[WHAT NEEDS TO BE DONE]:
Look through the data below and, wherever a line carries the word "part", please copy that line.

[RECORDS SUPPLIED]:
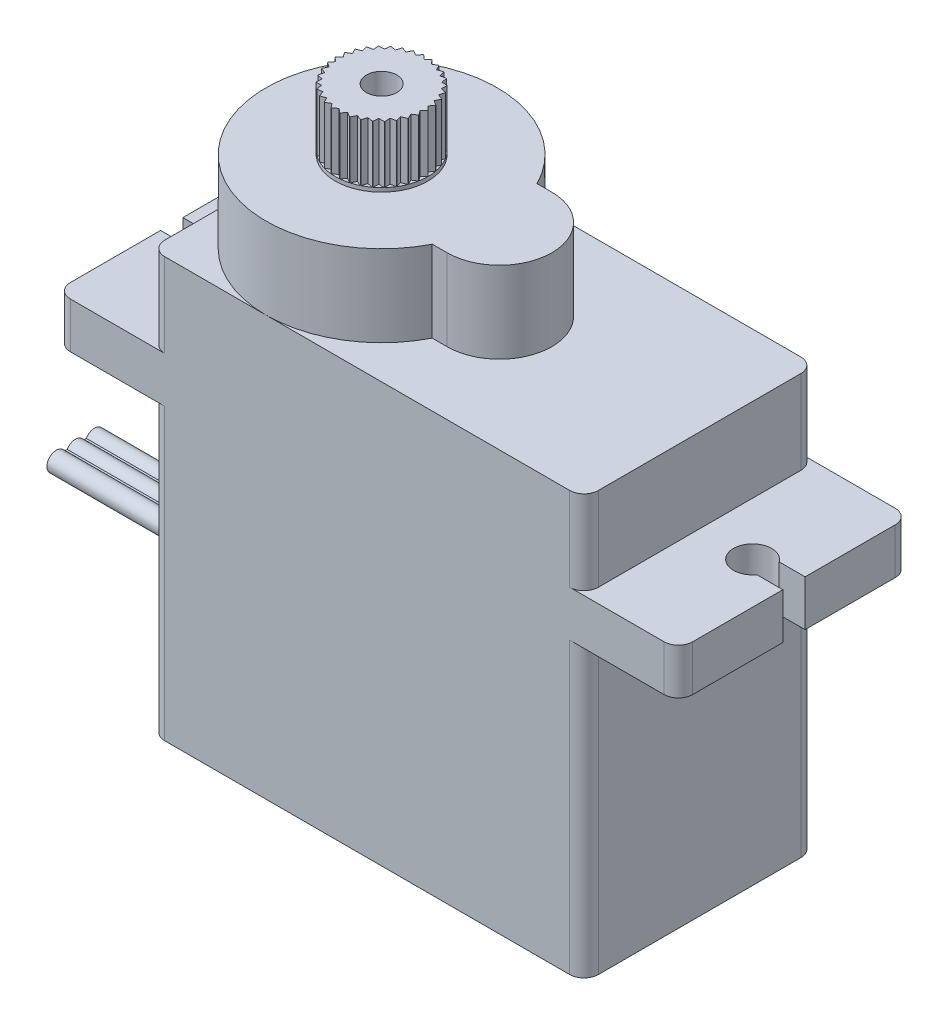
from build123d import *

# Parameters (mm, degrees)
BOSS_EXTRU_1_DEPTH      = 12.13
ENL_V_MAT_EXTRU_1_DEPTH = 38.395546526
CONG_1_R                = 0.75
BOSS_EXTRU_2_DEPTH      = 4.27
ESQUISSE4_R             = 2.43
BOSS_EXTRU_3_DEPTH      = 3.21
ENL_V_START             = -3
ESQUISSE5_R             = 0.8
ENL_V_MAT_EXTRU_2_DEPTH = 3
ESQUISSE6_W             = 17
ESQUISSE6_H             = 13
BOSS_EXTRU_4_DEPTH      = 0.01
ESQUISSE7_W             = 15.3
ESQUISSE7_H             = 10.8
ESQUISSE7_W_2           = 14.7
ESQUISSE7_H_2           = 3.6
ESQUISSE7_H_3           = 4
ESQUISSE7_H_4           = 2
BOSS_EXTRU_5_DEPTH      = 0.01
ESQUISSE8_W             = 13.9
ESQUISSE8_H             = 3.2
BOSS_EXTRU_6_DEPTH      = 0.01
BOSS_EXTRU_7_DEPTH      = 0.01
ESQUISSE10_W            = 0.138205128
ESQUISSE10_H            = 1.125384615
ENL_V_MAT_EXTRU_3_DEPTH = 0.01
BOSS_EXTRU_8_DEPTH      = 10


with BuildPart() as part:
    # Esquisse1 → Boss.-Extru.1 (new body)
    with BuildSketch(Plane.XY):
        Polygon((0, 0), (0, 15.2), (-4.95, 15.2), (-4.95, 17.6), (0, 17.6), (0, 22), (22.75, 22), (22.75, 17.6), (27.7, 17.6), (27.7, 15.2), (22.75, 15.2), (22.75, 0), align=None)
    extrude(amount=BOSS_EXTRU_1_DEPTH)

    # Esquisse2 → Enlèv. mat.-Extru.1 (cut, through all)
    with BuildSketch(Plane(origin=(0, 22, 0), x_dir=(1, 0, 0), z_dir=(0, 1, 0))):
        with BuildLine():
            Line((-4.95, -6.65), (-4.95, -5.48))
            Line((-4.95, -5.48), (-3.591033292, -5.48))
            ThreePointArc((-3.591033292, -5.48), (-1.78, -6.065), (-3.591033292, -6.65))
            Line((-3.591033292, -6.65), (-4.95, -6.65))
        make_face()
        with BuildLine():
            Line((27.7, -6.65), (26.341033292, -6.65))
            ThreePointArc((26.341033292, -6.65), (24.53, -6.065), (26.341033292, -5.48))
            Line((26.341033292, -5.48), (27.7, -5.48))
            Line((27.7, -5.48), (27.7, -6.65))
        make_face()
    extrude(amount=-ENL_V_MAT_EXTRU_1_DEPTH, mode=Mode.SUBTRACT)

    # Congé1
    cong_1_edges = [part.edges().sort_by_distance(p)[0] for p in [
        (27.7, 16.4, 0),
        (27.7, 16.4, 12.13),
        (-4.95, 16.4, 0),
        (-4.95, 16.4, 12.13),
        (22.75, 7.6, 12.13),
        (22.75, 19.8, 12.13),
        (0, 7.6, 12.13),
        (0, 19.8, 12.13),
        (0, 19.8, 0),
        (0, 7.6, 0),
        (22.75, 7.6, 0),
        (22.75, 19.8, 0),
    ]]
    fillet(cong_1_edges, radius=CONG_1_R)

    # Esquisse3 → Boss.-Extru.2 (add)
    with BuildSketch(Plane(origin=(0, 22, 0), x_dir=(1, 0, 0), z_dir=(0, 1, 0))):
        with BuildLine():
            Line((12.25, -3.315), (11.470712256, -3.315))
            ThreePointArc((11.470712256, -3.315), (0, -6.065), (11.470712256, -8.815))
            Line((11.470712256, -8.815), (12.25, -8.815))
            ThreePointArc((12.25, -8.815), (15, -6.065), (12.25, -3.315))
        make_face()
    extrude(amount=BOSS_EXTRU_2_DEPTH)

    # Esquisse4 → Boss.-Extru.3 (add)
    with BuildSketch(Plane(origin=(0, 26.27, 0), x_dir=(1, 0, 0), z_dir=(0, 1, 0))):
        with Locations((6.065, -6.065)):
            Circle(ESQUISSE4_R)
    extrude(amount=BOSS_EXTRU_3_DEPTH)

    # Esquisse5 → Enlèv. mat.-Extru.2 (cut)
    with BuildSketch(Plane(origin=(0, 29.48, 0), x_dir=(1, 0, 0), z_dir=(0, 1, 0)).offset(ENL_V_START)):
        with Locations((6.065, -6.065)):
            Circle(ESQUISSE5_R)
        with BuildLine():
            Line((5.85, -3.644530004), (6.065, -3.835))
            Line((6.065, -3.835), (6.28, -3.644530004))
            ThreePointArc((6.28, -3.644530004), (6.065, -3.635), (5.85, -3.644530004))
        make_face()
        with BuildLine():
            Line((6.298420978, -3.646236959), (6.474761425, -3.872969988))
            Line((6.474761425, -3.872969988), (6.721099411, -3.725249252))
            ThreePointArc((6.721099411, -3.725249252), (6.511511328, -3.676375368), (6.298420978, -3.646236959))
        make_face()
        with BuildLine():
            Line((6.738893085, -3.730311989), (6.870568916, -3.985586928))
            Line((6.870568916, -3.985586928), (7.139856144, -3.885645905))
            ThreePointArc((7.139856144, -3.885645905), (6.942817249, -3.799092483), (6.738893085, -3.730311989))
        make_face()
        with BuildLine():
            Line((7.156416571, -3.893892018), (7.238943723, -4.169015787))
            Line((7.238943723, -4.169015787), (7.522009939, -4.120257848))
            ThreePointArc((7.522009939, -4.120257848), (7.344230156, -3.99897236), (7.156416571, -3.893892018))
        make_face()
        with BuildLine():
            Line((7.536773174, -4.131406526), (7.567341285, -4.417010115))
            Line((7.567341285, -4.417010115), (7.854547009, -4.421095653))
            ThreePointArc((7.854547009, -4.421095653), (7.702080414, -4.269208331), (7.536773174, -4.131406526))
        make_face()
        with BuildLine():
            Line((7.867010308, -4.43476724), (7.844578417, -4.721124761))
            Line((7.844578417, -4.721124761), (8.126143201, -4.777914648))
            ThreePointArc((8.126143201, -4.777914648), (8.004181862, -4.600597834), (7.867010308, -4.43476724))
        make_face()
        with BuildLine():
            Line((8.135882141, -4.793643576), (8.06121414, -5.071003467))
            Line((8.06121414, -5.071003467), (8.327549634, -5.178563792))
            ThreePointArc((8.327549634, -5.178563792), (8.240246798, -4.981855795), (8.135882141, -4.793643576))
        make_face()
        with BuildLine():
            Line((8.334232568, -5.19581443), (8.209871184, -5.454731532))
            Line((8.209871184, -5.454731532), (8.451907653, -5.609399457))
            ThreePointArc((8.451907653, -5.609399457), (8.402236313, -5.399998934), (8.334232568, -5.19581443))
        make_face()
        with BuildLine():
            Line((8.455307, -5.627584356), (8.285487213, -5.859241558))
            Line((8.285487213, -5.859241558), (8.494982395, -6.055750052))
            ThreePointArc((8.494982395, -6.055750052), (8.484634048, -5.840787887), (8.455307, -5.627584356))
        make_face()
        with BuildLine():
            Line((8.494982395, -6.074249948), (8.285487213, -6.270758442))
            Line((8.285487213, -6.270758442), (8.455307, -6.502415644))
            ThreePointArc((8.455307, -6.502415644), (8.484634048, -6.289212113), (8.494982395, -6.074249948))
        make_face()
        with BuildLine():
            Line((8.451907653, -6.520600543), (8.209871184, -6.675268468))
            Line((8.209871184, -6.675268468), (8.334232568, -6.93418557))
            ThreePointArc((8.334232568, -6.93418557), (8.402236313, -6.730001066), (8.451907653, -6.520600543))
        make_face()
        with BuildLine():
            Line((8.327549634, -6.951436208), (8.06121414, -7.058996533))
            Line((8.06121414, -7.058996533), (8.135882141, -7.336356424))
            ThreePointArc((8.135882141, -7.336356424), (8.240246798, -7.148144205), (8.327549634, -6.951436208))
        make_face()
        with BuildLine():
            Line((8.126143201, -7.352085352), (7.844578417, -7.408875239))
            Line((7.844578417, -7.408875239), (7.867010308, -7.69523276))
            ThreePointArc((7.867010308, -7.69523276), (8.004181862, -7.529402166), (8.126143201, -7.352085352))
        make_face()
        with BuildLine():
            Line((7.854547009, -7.708904347), (7.567341285, -7.712989885))
            Line((7.567341285, -7.712989885), (7.536773174, -7.998593474))
            ThreePointArc((7.536773174, -7.998593474), (7.702080414, -7.860791669), (7.854547009, -7.708904347))
        make_face()
        with BuildLine():
            Line((7.522009939, -8.009742152), (7.238943723, -7.960984213))
            Line((7.238943723, -7.960984213), (7.156416571, -8.236107982))
            ThreePointArc((7.156416571, -8.236107982), (7.344230156, -8.13102764), (7.522009939, -8.009742152))
        make_face()
        with BuildLine():
            Line((7.139856144, -8.244354095), (6.870568916, -8.144413072))
            Line((6.870568916, -8.144413072), (6.738893085, -8.399688011))
            ThreePointArc((6.738893085, -8.399688011), (6.942817249, -8.330907517), (7.139856144, -8.244354095))
        make_face()
        with BuildLine():
            Line((6.721099411, -8.404750748), (6.474761425, -8.257030012))
            Line((6.474761425, -8.257030012), (6.298420978, -8.483763041))
            ThreePointArc((6.298420978, -8.483763041), (6.511511328, -8.453624632), (6.721099411, -8.404750748))
        make_face()
        with BuildLine():
            Line((6.28, -8.485469996), (6.065, -8.295))
            Line((6.065, -8.295), (5.85, -8.485469996))
            ThreePointArc((5.85, -8.485469996), (6.065, -8.495), (6.28, -8.485469996))
        make_face()
        with BuildLine():
            Line((5.831579022, -8.483763041), (5.655238575, -8.257030012))
            Line((5.655238575, -8.257030012), (5.408900589, -8.404750748))
            ThreePointArc((5.408900589, -8.404750748), (5.618488672, -8.453624632), (5.831579022, -8.483763041))
        make_face()
        with BuildLine():
            Line((5.391106915, -8.399688011), (5.259431084, -8.144413072))
            Line((5.259431084, -8.144413072), (4.990143856, -8.244354095))
            ThreePointArc((4.990143856, -8.244354095), (5.187182751, -8.330907517), (5.391106915, -8.399688011))
        make_face()
        with BuildLine():
            Line((4.973583429, -8.236107982), (4.891056277, -7.960984213))
            Line((4.891056277, -7.960984213), (4.607990061, -8.009742152))
            ThreePointArc((4.607990061, -8.009742152), (4.785769844, -8.13102764), (4.973583429, -8.236107982))
        make_face()
        with BuildLine():
            Line((4.593226826, -7.998593474), (4.562658715, -7.712989885))
            Line((4.562658715, -7.712989885), (4.275452991, -7.708904347))
            ThreePointArc((4.275452991, -7.708904347), (4.427919586, -7.860791669), (4.593226826, -7.998593474))
        make_face()
        with BuildLine():
            Line((4.262989692, -7.69523276), (4.285421583, -7.408875239))
            Line((4.285421583, -7.408875239), (4.003856799, -7.352085352))
            ThreePointArc((4.003856799, -7.352085352), (4.125818138, -7.529402166), (4.262989692, -7.69523276))
        make_face()
        with BuildLine():
            Line((3.994117859, -7.336356424), (4.06878586, -7.058996533))
            Line((4.06878586, -7.058996533), (3.802450366, -6.951436208))
            ThreePointArc((3.802450366, -6.951436208), (3.889753202, -7.148144205), (3.994117859, -7.336356424))
        make_face()
        with BuildLine():
            Line((3.795767432, -6.93418557), (3.920128816, -6.675268468))
            Line((3.920128816, -6.675268468), (3.678092347, -6.520600543))
            ThreePointArc((3.678092347, -6.520600543), (3.727763687, -6.730001066), (3.795767432, -6.93418557))
        make_face()
        with BuildLine():
            Line((3.674693, -6.502415644), (3.844512787, -6.270758442))
            Line((3.844512787, -6.270758442), (3.635017605, -6.074249948))
            ThreePointArc((3.635017605, -6.074249948), (3.645365952, -6.289212113), (3.674693, -6.502415644))
        make_face()
        with BuildLine():
            Line((3.635017605, -6.055750052), (3.844512787, -5.859241558))
            Line((3.844512787, -5.859241558), (3.674693, -5.627584356))
            ThreePointArc((3.674693, -5.627584356), (3.645365952, -5.840787887), (3.635017605, -6.055750052))
        make_face()
        with BuildLine():
            Line((3.678092347, -5.609399457), (3.920128816, -5.454731532))
            Line((3.920128816, -5.454731532), (3.795767432, -5.19581443))
            ThreePointArc((3.795767432, -5.19581443), (3.727763687, -5.399998934), (3.678092347, -5.609399457))
        make_face()
        with BuildLine():
            Line((3.802450366, -5.178563792), (4.06878586, -5.071003467))
            Line((4.06878586, -5.071003467), (3.994117859, -4.793643576))
            ThreePointArc((3.994117859, -4.793643576), (3.889753202, -4.981855795), (3.802450366, -5.178563792))
        make_face()
        with BuildLine():
            Line((4.003856799, -4.777914648), (4.285421583, -4.721124761))
            Line((4.285421583, -4.721124761), (4.262989692, -4.43476724))
            ThreePointArc((4.262989692, -4.43476724), (4.125818138, -4.600597834), (4.003856799, -4.777914648))
        make_face()
        with BuildLine():
            Line((4.275452991, -4.421095653), (4.562658715, -4.417010115))
            Line((4.562658715, -4.417010115), (4.593226826, -4.131406526))
            ThreePointArc((4.593226826, -4.131406526), (4.427919586, -4.269208331), (4.275452991, -4.421095653))
        make_face()
        with BuildLine():
            Line((4.607990061, -4.120257848), (4.891056277, -4.169015787))
            Line((4.891056277, -4.169015787), (4.973583429, -3.893892018))
            ThreePointArc((4.973583429, -3.893892018), (4.785769844, -3.99897236), (4.607990061, -4.120257848))
        make_face()
        with BuildLine():
            Line((4.990143856, -3.885645905), (5.259431084, -3.985586928))
            Line((5.259431084, -3.985586928), (5.391106915, -3.730311989))
            ThreePointArc((5.391106915, -3.730311989), (5.187182751, -3.799092483), (4.990143856, -3.885645905))
        make_face()
        with BuildLine():
            Line((5.408900589, -3.725249252), (5.655238575, -3.872969988))
            Line((5.655238575, -3.872969988), (5.831579022, -3.646236959))
            ThreePointArc((5.831579022, -3.646236959), (5.618488672, -3.676375368), (5.408900589, -3.725249252))
        make_face()
    extrude(amount=ENL_V_MAT_EXTRU_2_DEPTH, mode=Mode.SUBTRACT)

    # Esquisse6 → Boss.-Extru.4 (add)
    with BuildSketch(Plane(origin=(0, 0, 0), x_dir=(-1, 0, 0), z_dir=(0, 0, -1))):
        with Locations((-11.375, 10.5)):
            Rectangle(ESQUISSE6_W, ESQUISSE6_H)
    extrude(amount=BOSS_EXTRU_4_DEPTH)

    # Esquisse7 → Boss.-Extru.5 (add)
    with BuildSketch(Plane(origin=(0, 0, -0.01), x_dir=(-1, 0, 0), z_dir=(0, 0, -1))):
        with Locations((-11.375, 10.5)):
            Rectangle(ESQUISSE7_W, ESQUISSE7_H)
        with Locations((-11.375, 13.8)):
            Rectangle(ESQUISSE7_W_2, ESQUISSE7_H_2, mode=Mode.SUBTRACT)
        with Locations((-11.375, 9.7)):
            Rectangle(ESQUISSE7_W_2, ESQUISSE7_H_3, mode=Mode.SUBTRACT)
        with Locations((-11.375, 6.4)):
            Rectangle(ESQUISSE7_W_2, ESQUISSE7_H_4, mode=Mode.SUBTRACT)
    extrude(amount=BOSS_EXTRU_5_DEPTH)

    # Esquisse8 → Boss.-Extru.6 (add)
    with BuildSketch(Plane(origin=(0, 0, -0.01), x_dir=(-1, 0, 0), z_dir=(0, 0, -1))):
        with Locations((-11.375, 9.7)):
            Rectangle(ESQUISSE8_W, ESQUISSE8_H)
    extrude(amount=BOSS_EXTRU_6_DEPTH)

    # Esquisse9 → Boss.-Extru.7 (add)
    # profile 1 of 14: a face of its own
    with BuildSketch(Plane(origin=(0, 0, -0.01), x_dir=(-1, 0, 0), z_dir=(0, 0, -1))):
        with BuildLine():
            Line((-18.053708725, 12.253662611), (-18.053708725, 12.312062611))
            add(Edge.make_bspline(
                [(-18.053708725, 12.312062611), (-18.037731144, 12.312155243), (-18.007261095, 12.312331899), (-17.963756866, 12.315890591), (-17.924524652, 12.319994002), (-17.889511863, 12.326733501), (-17.859095614, 12.335951851), (-17.83256052, 12.346041291), (-17.810820155, 12.359042976), (-17.792577912, 12.373990923), (-17.777837818, 12.392872238), (-17.765746555, 12.415984738), (-17.755300138, 12.443726713), (-17.746701611, 12.476120877), (-17.740761676, 12.513297412), (-17.735472664, 12.554959334), (-17.733031903, 12.601448568), (-17.732688379, 12.634021555), (-17.732508725, 12.651056361)],
                knots=[0, 0, 0, 0, 1.363271351, 2.599826891, 3.723730404, 4.72933223, 5.636994449, 6.434888481, 7.145067108, 7.789958853, 8.436677121, 9.17432358, 10.008459227, 10.962554029, 12.029619826, 13.219506439, 14.545875824, 16, 16, 16, 16], degree=3))
            Line((-17.732508725, 12.651056361), (-17.732508725, 14.229225111))
            add(Edge.make_bspline(
                [(-17.732508725, 14.229225111), (-17.732725604, 14.239738761), (-17.7331108, 14.258411886), (-17.736629053, 14.282948827), (-17.741752292, 14.301225827), (-17.751833036, 14.314222595), (-17.768845369, 14.320532623), (-17.792574766, 14.3238077), (-17.825233318, 14.32656231), (-17.850065226, 14.326755121), (-17.863908725, 14.326862611)],
                knots=[0, 0, 0, 0, 1.250798897, 2.22152367, 2.948877087, 3.489162576, 4.105182813, 5.043085298, 6.35155464, 8, 8, 8, 8], degree=3))
            Line((-17.863908725, 14.326862611), (-17.916377475, 14.326862611))
            add(Edge.make_bspline(
                [(-17.916377475, 14.326862611), (-17.941931987, 14.326605602), (-17.991099526, 14.326111111), (-18.061625743, 14.322223938), (-18.125745403, 14.314941278), (-18.183374359, 14.305063161), (-18.234594769, 14.29259821), (-18.279332654, 14.27696918), (-18.318085349, 14.259232479), (-18.35051354, 14.237061489), (-18.378463146, 14.211144494), (-18.402457689, 14.180014838), (-18.424717079, 14.1443234), (-18.442948444, 14.10276668), (-18.459541789, 14.056639083), (-18.472837253, 14.005254649), (-18.484642874, 13.948994985), (-18.489290225, 13.909444721), (-18.491708725, 13.888862611)],
                knots=[0, 0, 0, 0, 1.470438357, 2.829161226, 4.062306352, 5.18164103, 6.191942072, 7.09144599, 7.905638181, 8.636246643, 9.342117641, 10.089719269, 10.891208183, 11.756693967, 12.695034711, 13.709722796, 14.808130903, 16, 16, 16, 16], degree=3))
            Line((-18.491708725, 13.888862611), (-18.550108725, 13.888862611))
            Line((-18.550108725, 13.888862611), (-18.533683725, 14.443662611))
            Line((-18.533683725, 14.443662611), (-16.564508725, 14.443662611))
            Line((-16.564508725, 14.443662611), (-16.564508725, 13.888862611))
            Line((-16.564508725, 13.888862611), (-16.622908725, 13.888862611))
            add(Edge.make_bspline(
                [(-16.622908725, 13.888862611), (-16.625238296, 13.909581951), (-16.629728149, 13.949514963), (-16.640304344, 14.006468883), (-16.652998704, 14.058302457), (-16.667775754, 14.104788304), (-16.685132836, 14.14599958), (-16.705113463, 14.181727907), (-16.727645512, 14.212391282), (-16.75342088, 14.238574486), (-16.785187039, 14.260453774), (-16.824548156, 14.278497025), (-16.87241495, 14.292918253), (-16.928288512, 14.305907066), (-16.992756891, 14.314787601), (-17.065468165, 14.322326742), (-17.146796433, 14.326116041), (-17.203864326, 14.326605581), (-17.233827475, 14.326862611)],
                knots=[0, 0, 0, 0, 1.141932975, 2.200881998, 3.170839561, 4.064045738, 4.870331341, 5.616474564, 6.301350606, 6.949406854, 7.619683779, 8.40237844, 9.31145344, 10.354351347, 11.542082747, 12.873517696, 14.358459537, 16, 16, 16, 16], degree=3))
            add(Edge.make_bspline(
                [(-17.233827475, 14.326862611), (-17.250249763, 14.326795208), (-17.279335518, 14.32667583), (-17.317429715, 14.323604018), (-17.344250952, 14.319366796), (-17.363069876, 14.312440365), (-17.37263946, 14.298356858), (-17.37796806, 14.280560735), (-17.381469659, 14.256877404), (-17.381879945, 14.239124387), (-17.382108725, 14.229225111)],
                knots=[0, 0, 0, 0, 1.820107384, 3.223618799, 4.218337293, 4.851501199, 5.356999914, 6.03373078, 6.903586869, 8, 8, 8, 8], degree=3))
            Line((-17.382108725, 14.229225111), (-17.382108725, 12.663375111))
            add(Edge.make_bspline(
                [(-17.382108725, 12.663375111), (-17.382027911, 12.644507304), (-17.381874621, 12.608718418), (-17.378225897, 12.557936533), (-17.374489284, 12.512684398), (-17.366719483, 12.473355326), (-17.358709273, 12.439335062), (-17.347637084, 12.411177878), (-17.335208049, 12.388343158), (-17.31976104, 12.370702904), (-17.300704029, 12.357553598), (-17.27830246, 12.346490891), (-17.252179952, 12.336138458), (-17.221657257, 12.329006519), (-17.187370406, 12.321773113), (-17.148734939, 12.317245899), (-17.106149335, 12.313337334), (-17.0764317, 12.312499994), (-17.060908725, 12.312062611)],
                knots=[0, 0, 0, 0, 1.576487009, 2.990316637, 4.255203723, 5.367190721, 6.338387147, 7.17167472, 7.889083929, 8.501372596, 9.111678671, 9.81095156, 10.587629953, 11.454003309, 12.426280643, 13.515806874, 14.70238431, 16, 16, 16, 16], degree=3))
            Line((-17.060908725, 12.312062611), (-17.059083725, 12.253662611))
            Line((-17.059083725, 12.253662611), (-18.053708725, 12.253662611))
        make_face()
    # profile 2 of 14: a face of its own
    with BuildSketch(Plane(origin=(0, 0, -0.01), x_dir=(-1, 0, 0), z_dir=(0, 0, -1))):
        with BuildLine():
            add(Edge.make_bspline(
                [(-15.718621225, 12.224462611), (-15.744819221, 12.224971401), (-15.796371018, 12.225972588), (-15.87164395, 12.236959812), (-15.943406334, 12.253607667), (-16.011340793, 12.277469162), (-16.075587179, 12.308214618), (-16.136136268, 12.345711028), (-16.192594597, 12.390583897), (-16.245232476, 12.441393678), (-16.292941184, 12.497536896), (-16.334212603, 12.5584209), (-16.369734252, 12.622830852), (-16.397835564, 12.691888683), (-16.420322946, 12.764524496), (-16.436179447, 12.841211816), (-16.445980457, 12.921813488), (-16.44712434, 12.976942275), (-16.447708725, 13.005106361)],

[TASK SOLUTION]:
with BuildPart() as part:
    cong_1_edges = [part.edges().sort_by_distance(p)[0] for p in [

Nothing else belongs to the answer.